Deep neural networks have gained increased attention in machine learning, but they are limited by the fact that many such regression and classification models do not capture prediction uncertainty. Though this might be acceptable for certain non-critical applications, it is not so for oil and gas industry applications where business and economic consequences of wrong or even sub-optimal decision is quite high. In this work I discuss the application of deep neural networks as a framework for approximate Bayesian inference in oilfield reservoir simulation study. Surrogate models with different neural network architecture are proposed to speed up compute- and labor-intensive simulation workflow. Regularization tools such as dropout and batch normalization, variational autoencoder for regression, and probabilistic distribution layers are used to quantify prediction uncertainty. Monte-Carlo dropout approach is further applied to estimate uncertainty given by standard deviation values for the predictions. Probabilistic distribution layers are used to compare its efficacy in capturing the model prediction uncertainty with respect to deterministic neural layers. Deep ensemble approach is also used to train multiple surrogates which capture uncertainty.
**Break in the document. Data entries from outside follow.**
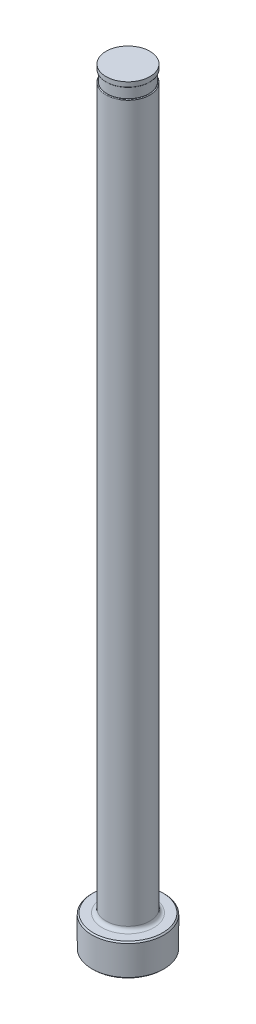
ISO-10303-21;
HEADER;
FILE_DESCRIPTION(('STEP AP214'),'2;1');
FILE_NAME('part.step','',(''),(''),'','','');
FILE_SCHEMA(('AUTOMOTIVE_DESIGN { 1 0 10303 214 1 1 1 1 }'));
ENDSEC;
DATA;
#1=APPLICATION_CONTEXT('core data for automotive mechanical design processes');
#2=APPLICATION_PROTOCOL_DEFINITION('international standard','automotive_design',2000,#1);
#3=PRODUCT_CONTEXT('',#1,'mechanical');
#4=PRODUCT('Part','Part','',(#3));
#5=PRODUCT_RELATED_PRODUCT_CATEGORY('part','',(#4));
#6=PRODUCT_DEFINITION_FORMATION('','',#4);
#7=PRODUCT_DEFINITION_CONTEXT('part definition',#1,'design');
#8=PRODUCT_DEFINITION('design','',#6,#7);
#9=PRODUCT_DEFINITION_SHAPE('','',#8);
#10=(LENGTH_UNIT() NAMED_UNIT(*) SI_UNIT(.MILLI.,.METRE.));
#11=(NAMED_UNIT(*) PLANE_ANGLE_UNIT() SI_UNIT($,.RADIAN.));
#12=(NAMED_UNIT(*) SI_UNIT($,.STERADIAN.) SOLID_ANGLE_UNIT());
#13=UNCERTAINTY_MEASURE_WITH_UNIT(LENGTH_MEASURE(1.E-05),#10,'distance_accuracy_value','');
#14=(GEOMETRIC_REPRESENTATION_CONTEXT(3) GLOBAL_UNCERTAINTY_ASSIGNED_CONTEXT((#13)) GLOBAL_UNIT_ASSIGNED_CONTEXT((#10,
#11,#12)) REPRESENTATION_CONTEXT('',''));
#15=CARTESIAN_POINT('',(0.,0.,0.));
#16=DIRECTION('',(0.,0.,1.));
#17=DIRECTION('',(1.,0.,0.));
#18=AXIS2_PLACEMENT_3D('',#15,#16,#17);
#19=CARTESIAN_POINT('',(-4.36498999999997,151.384,0.));
#20=DIRECTION('',(0.,1.,0.));
#21=DIRECTION('',(0.,0.,1.));
#22=AXIS2_PLACEMENT_3D('',#19,#20,#21);
#23=PLANE('',#22);
#24=CARTESIAN_POINT('',(0.,151.384,0.));
#25=DIRECTION('',(0.,1.,0.));
#26=DIRECTION('',(0.,0.,1.));
#27=AXIS2_PLACEMENT_3D('',#24,#25,#26);
#28=CIRCLE('',#27,4.23290999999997);
#29=CARTESIAN_POINT('',(0.,151.384,4.23290999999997));
#30=VERTEX_POINT('',#29);
#31=EDGE_CURVE('E11',#30,#30,#28,.F.);
#32=ORIENTED_EDGE('',*,*,#31,.T.);
#33=EDGE_LOOP('',(#32));
#34=FACE_BOUND('',#33,.T.);
#35=CARTESIAN_POINT('',(0.,151.384,0.));
#36=DIRECTION('',(0.,1.,0.));
#37=DIRECTION('',(0.,0.,1.));
#38=AXIS2_PLACEMENT_3D('',#35,#36,#37);
#39=CIRCLE('',#38,4.16178999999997);
#40=CARTESIAN_POINT('',(0.,151.384,4.16178999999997));
#41=VERTEX_POINT('',#40);
#42=EDGE_CURVE('E78',#41,#41,#39,.T.);
#43=ORIENTED_EDGE('',*,*,#42,.T.);
#44=EDGE_LOOP('',(#43));
#45=FACE_BOUND('',#44,.T.);
#46=ADVANCED_FACE('F36',(#34,#45),#23,.F.);
#47=CARTESIAN_POINT('',(0.,259.958771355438,0.));
#48=DIRECTION('',(0.,1.,0.));
#49=DIRECTION('',(0.,0.,1.));
#50=AXIS2_PLACEMENT_3D('',#47,#48,#49);
#51=CYLINDRICAL_SURFACE('',#50,4.36498999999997);
#52=DIRECTION('',(0.,1.,0.));
#53=VECTOR('',#52,1.);
#54=CARTESIAN_POINT('',(-4.16178999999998,259.958771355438,-1.31629848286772));
#55=LINE('',#54,#53);
#56=CARTESIAN_POINT('',(-4.16178999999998,149.225,-1.31629848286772));
#57=VERTEX_POINT('',#56);
#58=CARTESIAN_POINT('',(-4.16178999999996,86.868,-1.31629848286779));
#59=VERTEX_POINT('',#58);
#60=EDGE_CURVE('E73',#57,#59,#55,.F.);
#61=ORIENTED_EDGE('',*,*,#60,.F.);
#62=CARTESIAN_POINT('',(0.,149.225,0.));
#63=DIRECTION('',(0.,-1.,0.));
#64=DIRECTION('',(0.,0.,-1.));
#65=AXIS2_PLACEMENT_3D('',#62,#63,#64);
#66=CIRCLE('',#65,4.36498999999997);
#67=CARTESIAN_POINT('',(-4.16178999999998,149.225,1.31629848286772));
#68=VERTEX_POINT('',#67);
#69=EDGE_CURVE('E51',#57,#68,#66,.T.);
#70=ORIENTED_EDGE('',*,*,#69,.T.);
#71=DIRECTION('',(0.,1.,0.));
#72=VECTOR('',#71,1.);
#73=CARTESIAN_POINT('',(-4.16178999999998,259.958771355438,1.31629848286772));
#74=LINE('',#73,#72);
#75=CARTESIAN_POINT('',(-4.16178999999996,86.868,1.31629848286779));
#76=VERTEX_POINT('',#75);
#77=EDGE_CURVE('E84',#76,#68,#74,.T.);
#78=ORIENTED_EDGE('',*,*,#77,.F.);
#79=CARTESIAN_POINT('',(-4.16178999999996,86.868,-1.31629848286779));
#80=CARTESIAN_POINT('',(-4.16178749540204,86.8387945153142,-1.31629969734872));
#81=CARTESIAN_POINT('',(-4.1621934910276,86.8096054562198,-1.31502339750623));
#82=CARTESIAN_POINT('',(-4.16379602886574,86.7514799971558,-1.30994313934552));
#83=CARTESIAN_POINT('',(-4.16499229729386,86.7225435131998,-1.30614005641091));
#84=CARTESIAN_POINT('',(-4.16970978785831,86.6367304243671,-1.29103636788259));
#85=CARTESIAN_POINT('',(-4.1743602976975,86.5805217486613,-1.27604058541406));
#86=CARTESIAN_POINT('',(-4.18613251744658,86.4717895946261,-1.23686822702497));
#87=CARTESIAN_POINT('',(-4.19325232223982,86.4192633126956,-1.21269872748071));
#88=CARTESIAN_POINT('',(-4.2091888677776,86.3190804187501,-1.15616869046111));
#89=CARTESIAN_POINT('',(-4.21800681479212,86.2714273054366,-1.12380232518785));
#90=CARTESIAN_POINT('',(-4.23656898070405,86.1814175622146,-1.05167440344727));
#91=CARTESIAN_POINT('',(-4.24632261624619,86.1391275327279,-1.01183271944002));
#92=CARTESIAN_POINT('',(-4.26580066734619,86.0609847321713,-0.926286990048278));
#93=CARTESIAN_POINT('',(-4.27552507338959,86.0251338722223,-0.880581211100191));
#94=CARTESIAN_POINT('',(-4.29543366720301,85.955720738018,-0.77811045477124));
#95=CARTESIAN_POINT('',(-4.3055056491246,85.923104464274,-0.720683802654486));
#96=CARTESIAN_POINT('',(-4.32376922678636,85.8663921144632,-0.601498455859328));
#97=CARTESIAN_POINT('',(-4.33195978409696,85.8423007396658,-0.539737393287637));
#98=CARTESIAN_POINT('',(-4.34685789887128,85.7995798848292,-0.40406237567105));
#99=CARTESIAN_POINT('',(-4.35317398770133,85.7822625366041,-0.329691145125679));
#100=CARTESIAN_POINT('',(-4.36197215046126,85.7583864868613,-0.179011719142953));
#101=CARTESIAN_POINT('',(-4.3644520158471,85.7518339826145,-0.102702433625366));
#102=CARTESIAN_POINT('',(-4.36541803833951,85.7492580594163,0.0581828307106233));
#103=CARTESIAN_POINT('',(-4.36345629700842,85.7544156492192,0.142783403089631));
#104=CARTESIAN_POINT('',(-4.35477620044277,85.7778747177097,0.309955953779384));
#105=CARTESIAN_POINT('',(-4.34805523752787,85.7961834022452,0.39252679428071));
#106=CARTESIAN_POINT('',(-4.33049146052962,85.8464757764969,0.55371755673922));
#107=CARTESIAN_POINT('',(-4.31961605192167,85.8785678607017,0.632300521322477));
#108=CARTESIAN_POINT('',(-4.29509465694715,85.9567472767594,0.781669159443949));
#109=CARTESIAN_POINT('',(-4.28145345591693,86.0028105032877,0.852467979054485));
#110=CARTESIAN_POINT('',(-4.25707286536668,86.0949515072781,0.965882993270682));
#111=CARTESIAN_POINT('',(-4.24649547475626,86.1379441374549,1.01105227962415));
#112=CARTESIAN_POINT('',(-4.22598230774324,86.2310038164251,1.09362608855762));
#113=CARTESIAN_POINT('',(-4.21604624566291,86.2810676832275,1.13103408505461));
#114=CARTESIAN_POINT('',(-4.19787550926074,86.3876091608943,1.19672699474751));
#115=CARTESIAN_POINT('',(-4.18965172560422,86.4441244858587,1.22495411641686));
#116=CARTESIAN_POINT('',(-4.17605152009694,86.5616762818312,1.27055384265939));
#117=CARTESIAN_POINT('',(-4.17067066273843,86.6227055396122,1.28794336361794));
#118=CARTESIAN_POINT('',(-4.1653318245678,86.7150266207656,1.30505888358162));
#119=CARTESIAN_POINT('',(-4.16400812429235,86.7454684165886,1.30926961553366));
#120=CARTESIAN_POINT('',(-4.16223627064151,86.8066003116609,1.31488836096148));
#121=CARTESIAN_POINT('',(-4.16178714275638,86.8372900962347,1.31629949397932));
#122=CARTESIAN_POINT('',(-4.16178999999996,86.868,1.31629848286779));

Among different models tested, VAE based regression model with multivariate-normal latent features works best for prediction uncertainty assessment. Compute time required by surrogate model for prediction is a small fraction of that for full-physics reservoir simulator. Prediction uncertainty information can be used in various simulation workflows to decide when to use surrogate model and when to further explore the solution space using reservoir simulator, thus reducing total computational cost.